もはや日本語を正しく理解できるかの問題。
本文の「30日間で100人分以上の顧客情報にアクセスした営業部員のログに限定」をしっかり理解する。
期間内(30日間)で、100人分以上の顧客情報(ユニークな顧客IDが100個ぶん)にアクセス(READ)した営業部員を抽出する。

ア アクセスしたユニークな顧客ID数が100以上の営業部員のログ
 →正しい。

イ アクセスしたユニークな顧客ID数が100以上の日のログ
 →対象期間は1日でなく、30日である。

ウ ログ件数が100以上の営業部員のログ
 →ログは読み取り(READ)だけでなく、ログイン(LOGIN)やログアウト(LOGOUT)等でも記録される。
  顧客情報にアクセスした回数とログ件数は同じではない

エ ログ件数が100以上の日のログ
 →ウと同様。また1日ごとではなく、30日間ぶんのログが対象。


設問6 C君が観察した次の(ⅰ)~(ⅳ)の事象のうち,本文中の下線⑤の原因となるも
のを全て挙げた組み合わせを,解答群の中から選べ。

(ⅰ) Bシステムで表示した顧客情報をコピーし,表計算ソフトにペーストした上でA
   社の共有ファイルサーバに置いて共有している。
(ⅱ) Bシステムの使用申請をしてから,営業部長が承認するまでに2週間掛かって
   いる。
(ⅲ) ある営業部員が共用PCからBシステムにログインし,ログインしたままその
   PCで他の営業部員がBシステムを使っている。
(ⅳ) ある営業部員が頻繁にBシステムにログイン,ログアウトを繰り返している。

解答群
ア (ⅰ), (ⅱ)  イ (ⅰ), (ⅱ),(ⅳ)  ウ (ⅰ), (ⅲ)
エ (ⅰ), (ⅳ)  オ (ⅱ), (ⅲ)     カ (ⅱ), (ⅲ), (ⅳ)
キ (ⅱ), (ⅳ)  ク (ⅲ), (ⅳ)

解説を表示
 ウ((ⅰ), (ⅲ))

最後の設問だけあって、ここだけやや難易度が高い
本文から考えるのではなく、「実現できない要件」があることを「部長に相談」し、「課長に改善を依頼」したことを覚えておき、解答群から正解を見出さなくてはならない。
(今回は部長と課長の下りは使わないようだが)
要件が「ログのレビューと不正の早期発見」と「後から営業部員のアクセス状況を特定」である事も把握しておくと解答しやすい。

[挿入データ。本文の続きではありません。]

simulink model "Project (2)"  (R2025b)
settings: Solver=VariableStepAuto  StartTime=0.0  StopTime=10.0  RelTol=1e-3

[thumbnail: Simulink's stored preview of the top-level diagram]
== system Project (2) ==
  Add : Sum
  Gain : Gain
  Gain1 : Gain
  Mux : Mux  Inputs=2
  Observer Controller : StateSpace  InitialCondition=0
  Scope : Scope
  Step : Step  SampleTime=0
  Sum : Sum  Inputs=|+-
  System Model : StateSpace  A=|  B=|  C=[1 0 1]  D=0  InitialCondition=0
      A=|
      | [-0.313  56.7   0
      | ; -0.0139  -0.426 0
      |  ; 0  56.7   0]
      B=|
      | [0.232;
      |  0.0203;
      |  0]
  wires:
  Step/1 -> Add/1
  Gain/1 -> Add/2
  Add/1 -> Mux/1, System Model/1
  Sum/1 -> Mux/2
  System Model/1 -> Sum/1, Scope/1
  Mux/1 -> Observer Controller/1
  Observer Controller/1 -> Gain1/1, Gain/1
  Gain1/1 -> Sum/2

(ⅰ) Bシステムで表示した顧客情報をコピーし,表計算ソフトにペーストした上でA社の共有ファイルサーバに置いて共有している。
 →要件に抵触するかどうかの判断がやや難しい。ただし(ⅰ)~(ⅳ)を確認すると、(ⅲ)だけが正解である事が分かる。
  (ⅲ)だけの解答は存在しないため、必然的に「ウ (ⅰ), (ⅲ)」を選ぶことができる。
  試験として難易度が高いと思われる問題は上記のような救済が行われる事もあるので、諦めずに分かる部分を解くことが大事。
  ちなみに正攻法で解くなら、Bシステムからコピーした顧客情報を共有(アクセス)した際、アクセス状況が残らないために「後から営業部員のアクセス状況を特定」という要件を満たせなくなると判断する。

(ⅱ) Bシステムの使用申請をしてから,営業部長が承認するまでに2週間掛かっている。
 →使用申請から承認までの期間が長い事は業務上問題はあるかもしれないが、要件には関係ない
  不正の早期発見に関しても、そもそも承認して使い始める前段階で期間が長い事は、操作後の不正発見には影響しない。

(ⅲ) ある営業部員が共用PCからBシステムにログインし,ログインしたままその
   PCで他の営業部員がBシステムを使っている。
 →ログインした者と顧客情報にアクセスした者が異なる。要件の「後から営業部員のアクセス状況を特定」ができなくなる。

(ⅳ) ある営業部員が頻繁にBシステムにログイン,ログアウトを繰り返している。
 →不審な操作でありログ件数が大量になるが、要件には関係ない
  レビュー対象が顧客情報へのアクセス(READ)である事を覚えていたなら、不正解だと分かる。


お疲れ様でした。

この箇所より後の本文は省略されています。